Hien Sié, le ministre qui redessine les infrastructures ivoiriennes
Dans une réorganisation majeure du gouvernement Mambé 2, les secteurs les plus stratégiques de l’économie ivoirienne changent de cap… et d’homme. Désormais, ports, aéroports et métro sont réunis sous une seule autorité : celle du ministre des Infrastructures et de l’Entretien routier, Hien Sié.

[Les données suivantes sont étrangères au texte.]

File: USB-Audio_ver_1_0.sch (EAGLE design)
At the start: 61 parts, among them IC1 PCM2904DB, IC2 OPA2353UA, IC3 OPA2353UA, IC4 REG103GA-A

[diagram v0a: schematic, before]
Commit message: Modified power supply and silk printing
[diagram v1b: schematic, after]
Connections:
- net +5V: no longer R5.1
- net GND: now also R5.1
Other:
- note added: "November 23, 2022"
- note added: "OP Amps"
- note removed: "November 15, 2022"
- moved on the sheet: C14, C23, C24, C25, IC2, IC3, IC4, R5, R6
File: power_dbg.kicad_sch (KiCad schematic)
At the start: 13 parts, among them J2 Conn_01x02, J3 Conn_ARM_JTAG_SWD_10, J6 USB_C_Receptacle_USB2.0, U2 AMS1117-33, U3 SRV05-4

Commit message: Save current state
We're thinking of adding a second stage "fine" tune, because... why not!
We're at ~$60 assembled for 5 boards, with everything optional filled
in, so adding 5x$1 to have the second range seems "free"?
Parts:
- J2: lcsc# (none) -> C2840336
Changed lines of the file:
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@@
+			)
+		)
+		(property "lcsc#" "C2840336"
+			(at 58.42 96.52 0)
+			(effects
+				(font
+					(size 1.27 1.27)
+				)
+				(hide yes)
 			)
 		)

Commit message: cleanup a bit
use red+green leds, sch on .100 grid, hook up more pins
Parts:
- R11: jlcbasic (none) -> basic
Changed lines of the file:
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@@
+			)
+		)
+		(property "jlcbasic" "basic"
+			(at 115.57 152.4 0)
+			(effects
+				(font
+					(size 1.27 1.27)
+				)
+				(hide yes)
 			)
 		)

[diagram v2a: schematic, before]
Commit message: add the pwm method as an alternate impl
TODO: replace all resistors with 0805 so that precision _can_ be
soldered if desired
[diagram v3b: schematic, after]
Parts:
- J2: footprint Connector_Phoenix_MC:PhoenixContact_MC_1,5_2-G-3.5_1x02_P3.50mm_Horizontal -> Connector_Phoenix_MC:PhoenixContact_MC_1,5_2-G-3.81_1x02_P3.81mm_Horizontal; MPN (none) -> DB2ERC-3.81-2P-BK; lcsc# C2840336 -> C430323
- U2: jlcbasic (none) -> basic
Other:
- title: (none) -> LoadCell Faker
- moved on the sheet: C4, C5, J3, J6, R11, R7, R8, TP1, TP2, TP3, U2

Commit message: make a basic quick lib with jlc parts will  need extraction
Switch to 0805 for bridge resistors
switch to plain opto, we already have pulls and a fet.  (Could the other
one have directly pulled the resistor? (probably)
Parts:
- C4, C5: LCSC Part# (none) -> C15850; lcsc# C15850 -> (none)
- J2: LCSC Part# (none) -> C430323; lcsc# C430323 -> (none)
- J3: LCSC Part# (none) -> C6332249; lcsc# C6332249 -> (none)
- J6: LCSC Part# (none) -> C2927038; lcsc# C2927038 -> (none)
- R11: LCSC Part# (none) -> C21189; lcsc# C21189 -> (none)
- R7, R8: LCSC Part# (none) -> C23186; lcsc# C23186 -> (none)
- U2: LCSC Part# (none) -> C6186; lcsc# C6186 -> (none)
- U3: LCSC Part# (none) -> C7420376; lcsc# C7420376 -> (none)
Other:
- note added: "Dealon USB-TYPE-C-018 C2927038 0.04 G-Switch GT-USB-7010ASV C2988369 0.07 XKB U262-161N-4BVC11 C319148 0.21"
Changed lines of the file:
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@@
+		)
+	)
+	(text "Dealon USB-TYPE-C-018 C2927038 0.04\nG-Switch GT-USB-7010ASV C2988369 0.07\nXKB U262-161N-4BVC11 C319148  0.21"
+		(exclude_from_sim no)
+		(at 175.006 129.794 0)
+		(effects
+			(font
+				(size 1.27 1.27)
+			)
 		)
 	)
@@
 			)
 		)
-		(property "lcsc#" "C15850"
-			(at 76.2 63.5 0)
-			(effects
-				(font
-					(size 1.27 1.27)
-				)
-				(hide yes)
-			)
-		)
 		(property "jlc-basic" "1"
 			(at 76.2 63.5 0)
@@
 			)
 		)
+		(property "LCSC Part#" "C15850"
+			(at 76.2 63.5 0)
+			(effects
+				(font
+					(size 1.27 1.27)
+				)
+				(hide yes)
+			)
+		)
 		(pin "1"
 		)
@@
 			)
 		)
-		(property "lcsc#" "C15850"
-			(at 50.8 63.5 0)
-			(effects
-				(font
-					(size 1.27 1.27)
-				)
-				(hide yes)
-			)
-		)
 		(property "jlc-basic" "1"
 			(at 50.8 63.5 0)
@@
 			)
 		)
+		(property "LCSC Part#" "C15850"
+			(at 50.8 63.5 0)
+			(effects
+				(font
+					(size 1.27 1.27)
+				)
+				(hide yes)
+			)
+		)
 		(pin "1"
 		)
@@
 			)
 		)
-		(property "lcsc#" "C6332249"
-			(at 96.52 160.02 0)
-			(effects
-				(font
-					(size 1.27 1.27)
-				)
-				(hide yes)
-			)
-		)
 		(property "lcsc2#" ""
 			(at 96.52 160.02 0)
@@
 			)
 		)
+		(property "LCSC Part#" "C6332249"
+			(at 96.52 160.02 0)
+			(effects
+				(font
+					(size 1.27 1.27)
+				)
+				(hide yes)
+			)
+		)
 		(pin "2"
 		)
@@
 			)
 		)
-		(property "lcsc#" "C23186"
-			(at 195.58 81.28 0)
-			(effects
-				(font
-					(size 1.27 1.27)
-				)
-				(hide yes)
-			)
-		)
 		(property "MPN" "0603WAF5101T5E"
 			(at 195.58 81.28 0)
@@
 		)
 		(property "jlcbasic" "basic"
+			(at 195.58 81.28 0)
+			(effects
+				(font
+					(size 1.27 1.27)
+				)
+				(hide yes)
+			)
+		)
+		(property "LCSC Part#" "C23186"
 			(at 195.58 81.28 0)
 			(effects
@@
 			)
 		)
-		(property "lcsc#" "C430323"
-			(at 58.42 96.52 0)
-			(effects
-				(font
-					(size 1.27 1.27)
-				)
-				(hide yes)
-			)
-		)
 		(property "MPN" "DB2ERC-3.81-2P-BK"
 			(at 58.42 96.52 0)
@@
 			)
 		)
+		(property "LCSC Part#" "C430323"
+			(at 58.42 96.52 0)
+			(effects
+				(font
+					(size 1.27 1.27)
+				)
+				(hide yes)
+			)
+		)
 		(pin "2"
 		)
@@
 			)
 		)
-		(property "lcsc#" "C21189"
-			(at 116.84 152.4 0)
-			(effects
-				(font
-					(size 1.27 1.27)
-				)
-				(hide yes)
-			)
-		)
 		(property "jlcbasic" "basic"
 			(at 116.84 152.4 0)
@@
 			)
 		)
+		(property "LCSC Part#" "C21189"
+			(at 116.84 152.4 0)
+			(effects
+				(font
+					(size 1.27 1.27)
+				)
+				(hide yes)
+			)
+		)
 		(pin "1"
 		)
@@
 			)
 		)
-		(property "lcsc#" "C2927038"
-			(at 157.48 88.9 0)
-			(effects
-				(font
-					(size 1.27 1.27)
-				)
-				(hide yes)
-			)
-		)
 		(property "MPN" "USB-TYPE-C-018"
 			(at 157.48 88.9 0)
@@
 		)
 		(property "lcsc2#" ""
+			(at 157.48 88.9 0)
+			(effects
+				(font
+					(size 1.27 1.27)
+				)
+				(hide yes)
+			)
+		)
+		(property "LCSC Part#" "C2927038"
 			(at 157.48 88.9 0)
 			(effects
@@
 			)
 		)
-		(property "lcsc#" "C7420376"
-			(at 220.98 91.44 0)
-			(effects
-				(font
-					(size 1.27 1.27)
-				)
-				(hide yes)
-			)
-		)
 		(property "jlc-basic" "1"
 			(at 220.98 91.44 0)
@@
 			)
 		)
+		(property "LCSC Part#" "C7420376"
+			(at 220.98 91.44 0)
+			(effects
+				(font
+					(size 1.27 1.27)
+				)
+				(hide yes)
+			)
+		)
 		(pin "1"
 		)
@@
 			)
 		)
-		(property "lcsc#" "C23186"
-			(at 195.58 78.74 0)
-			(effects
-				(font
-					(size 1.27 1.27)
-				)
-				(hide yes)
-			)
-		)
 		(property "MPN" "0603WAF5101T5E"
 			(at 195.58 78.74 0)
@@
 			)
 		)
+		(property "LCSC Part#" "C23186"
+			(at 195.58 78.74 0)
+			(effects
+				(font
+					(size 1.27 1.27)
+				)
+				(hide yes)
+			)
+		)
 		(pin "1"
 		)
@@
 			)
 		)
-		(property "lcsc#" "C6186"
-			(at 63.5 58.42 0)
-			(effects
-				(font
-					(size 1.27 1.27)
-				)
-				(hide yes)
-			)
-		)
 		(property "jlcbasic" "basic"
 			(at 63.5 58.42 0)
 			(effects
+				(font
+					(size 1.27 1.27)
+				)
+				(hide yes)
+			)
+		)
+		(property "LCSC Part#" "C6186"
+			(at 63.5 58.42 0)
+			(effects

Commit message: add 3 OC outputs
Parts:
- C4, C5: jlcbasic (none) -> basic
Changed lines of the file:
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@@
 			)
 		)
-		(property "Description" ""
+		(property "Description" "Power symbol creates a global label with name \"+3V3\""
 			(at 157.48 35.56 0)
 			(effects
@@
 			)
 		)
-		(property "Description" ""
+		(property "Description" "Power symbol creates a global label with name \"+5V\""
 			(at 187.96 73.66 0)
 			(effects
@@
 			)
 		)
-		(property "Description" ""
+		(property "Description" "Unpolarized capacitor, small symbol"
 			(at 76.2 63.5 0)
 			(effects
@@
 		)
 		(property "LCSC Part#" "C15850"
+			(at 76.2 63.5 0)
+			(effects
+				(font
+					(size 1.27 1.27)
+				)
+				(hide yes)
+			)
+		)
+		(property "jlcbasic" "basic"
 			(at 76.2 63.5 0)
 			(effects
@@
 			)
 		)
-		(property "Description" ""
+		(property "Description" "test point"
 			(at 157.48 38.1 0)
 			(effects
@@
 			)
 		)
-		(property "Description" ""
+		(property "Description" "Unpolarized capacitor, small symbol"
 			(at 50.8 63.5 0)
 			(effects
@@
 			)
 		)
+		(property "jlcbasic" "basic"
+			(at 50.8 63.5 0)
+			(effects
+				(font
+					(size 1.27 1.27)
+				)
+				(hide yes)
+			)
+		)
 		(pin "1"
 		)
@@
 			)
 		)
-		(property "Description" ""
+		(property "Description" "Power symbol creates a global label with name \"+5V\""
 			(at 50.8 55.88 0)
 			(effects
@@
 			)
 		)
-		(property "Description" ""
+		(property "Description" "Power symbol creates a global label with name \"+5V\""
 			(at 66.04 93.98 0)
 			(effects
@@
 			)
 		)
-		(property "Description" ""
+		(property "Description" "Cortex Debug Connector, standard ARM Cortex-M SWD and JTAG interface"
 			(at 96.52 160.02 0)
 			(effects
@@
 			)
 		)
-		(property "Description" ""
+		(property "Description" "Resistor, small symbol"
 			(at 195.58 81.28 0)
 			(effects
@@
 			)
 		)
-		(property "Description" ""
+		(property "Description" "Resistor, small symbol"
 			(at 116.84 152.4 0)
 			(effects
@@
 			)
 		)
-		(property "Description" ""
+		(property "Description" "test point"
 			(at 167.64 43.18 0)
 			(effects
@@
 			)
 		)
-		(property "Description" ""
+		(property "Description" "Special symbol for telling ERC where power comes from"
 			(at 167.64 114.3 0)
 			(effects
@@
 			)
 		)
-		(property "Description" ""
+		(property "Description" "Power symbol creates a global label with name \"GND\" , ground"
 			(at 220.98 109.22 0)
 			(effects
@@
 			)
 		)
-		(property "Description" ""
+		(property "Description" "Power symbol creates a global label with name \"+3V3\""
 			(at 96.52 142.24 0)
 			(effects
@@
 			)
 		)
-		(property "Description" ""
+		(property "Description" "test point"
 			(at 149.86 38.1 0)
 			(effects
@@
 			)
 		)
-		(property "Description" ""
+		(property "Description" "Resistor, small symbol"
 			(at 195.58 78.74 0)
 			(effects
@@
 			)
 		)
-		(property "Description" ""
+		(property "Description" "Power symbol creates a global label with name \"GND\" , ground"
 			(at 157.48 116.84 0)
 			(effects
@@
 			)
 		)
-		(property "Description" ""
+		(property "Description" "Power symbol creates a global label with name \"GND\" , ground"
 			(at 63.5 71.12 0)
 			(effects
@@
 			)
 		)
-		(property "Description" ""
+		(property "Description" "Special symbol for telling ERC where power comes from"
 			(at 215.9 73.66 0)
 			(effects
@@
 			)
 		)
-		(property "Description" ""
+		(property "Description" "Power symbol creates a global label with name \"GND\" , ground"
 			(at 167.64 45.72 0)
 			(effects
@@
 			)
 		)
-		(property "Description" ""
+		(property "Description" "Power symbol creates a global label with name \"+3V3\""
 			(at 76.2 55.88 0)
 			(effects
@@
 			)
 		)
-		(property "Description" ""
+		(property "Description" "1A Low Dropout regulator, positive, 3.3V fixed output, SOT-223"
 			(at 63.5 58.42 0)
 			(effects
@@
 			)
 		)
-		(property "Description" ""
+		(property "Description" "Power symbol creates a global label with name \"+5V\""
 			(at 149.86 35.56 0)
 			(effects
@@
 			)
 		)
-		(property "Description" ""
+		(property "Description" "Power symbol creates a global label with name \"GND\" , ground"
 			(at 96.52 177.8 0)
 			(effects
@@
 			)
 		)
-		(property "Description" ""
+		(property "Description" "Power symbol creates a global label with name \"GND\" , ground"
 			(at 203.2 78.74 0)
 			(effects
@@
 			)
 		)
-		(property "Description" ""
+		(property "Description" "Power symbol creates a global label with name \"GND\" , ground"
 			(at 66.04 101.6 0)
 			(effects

Cette concentration inédite de leviers aussi essentiels marque un tournant historique. Jamais, depuis l’arrivée au pouvoir du Président Alassane Ouattara, un ministre n’avait bénéficié d’un périmètre aussi vaste, couvrant à la fois les routes, les ouvrages d’art, mais aussi l’ensemble des infrastructures de transport : maritimes, aéroportuaires, ferroviaires et lagunaires.
Plus qu’un simple ajustement administratif, cette décision sonne comme une consécration politique. Elle traduit la confiance grandissante du chef de l’État envers Hien Sié, désormais positionné comme un acteur central de la transformation structurelle du pays. À lui revient la lourde responsabilité de piloter, coordonner et accélérer des projets déterminants pour la compétitivité et l’attractivité de la Côte d’Ivoire.
Ce retour à une gestion unifiée rappelle les grandes heures du ministère des Infrastructures économiques, marquant ainsi une volonté assumée de rationalisation et d’efficacité dans la conduite des politiques publiques. Dans le même mouvement, Hilaire Lamizana fait son entrée au conseil d’administration du Port autonome d’Abidjan en tant que représentant de la Présidence. Il aura notamment la charge de superviser le processus de désignation du futur directeur général, confirmant l’importance stratégique de cette institution, véritable poumon économique du pays.
À travers cette recomposition, le pouvoir exécutif envoie un signal clair : celui d’une gouvernance recentrée, plus cohérente et résolument tournée vers la performance. Et au cœur de ce dispositif, un nom s’impose désormais avec force : Hien Sié.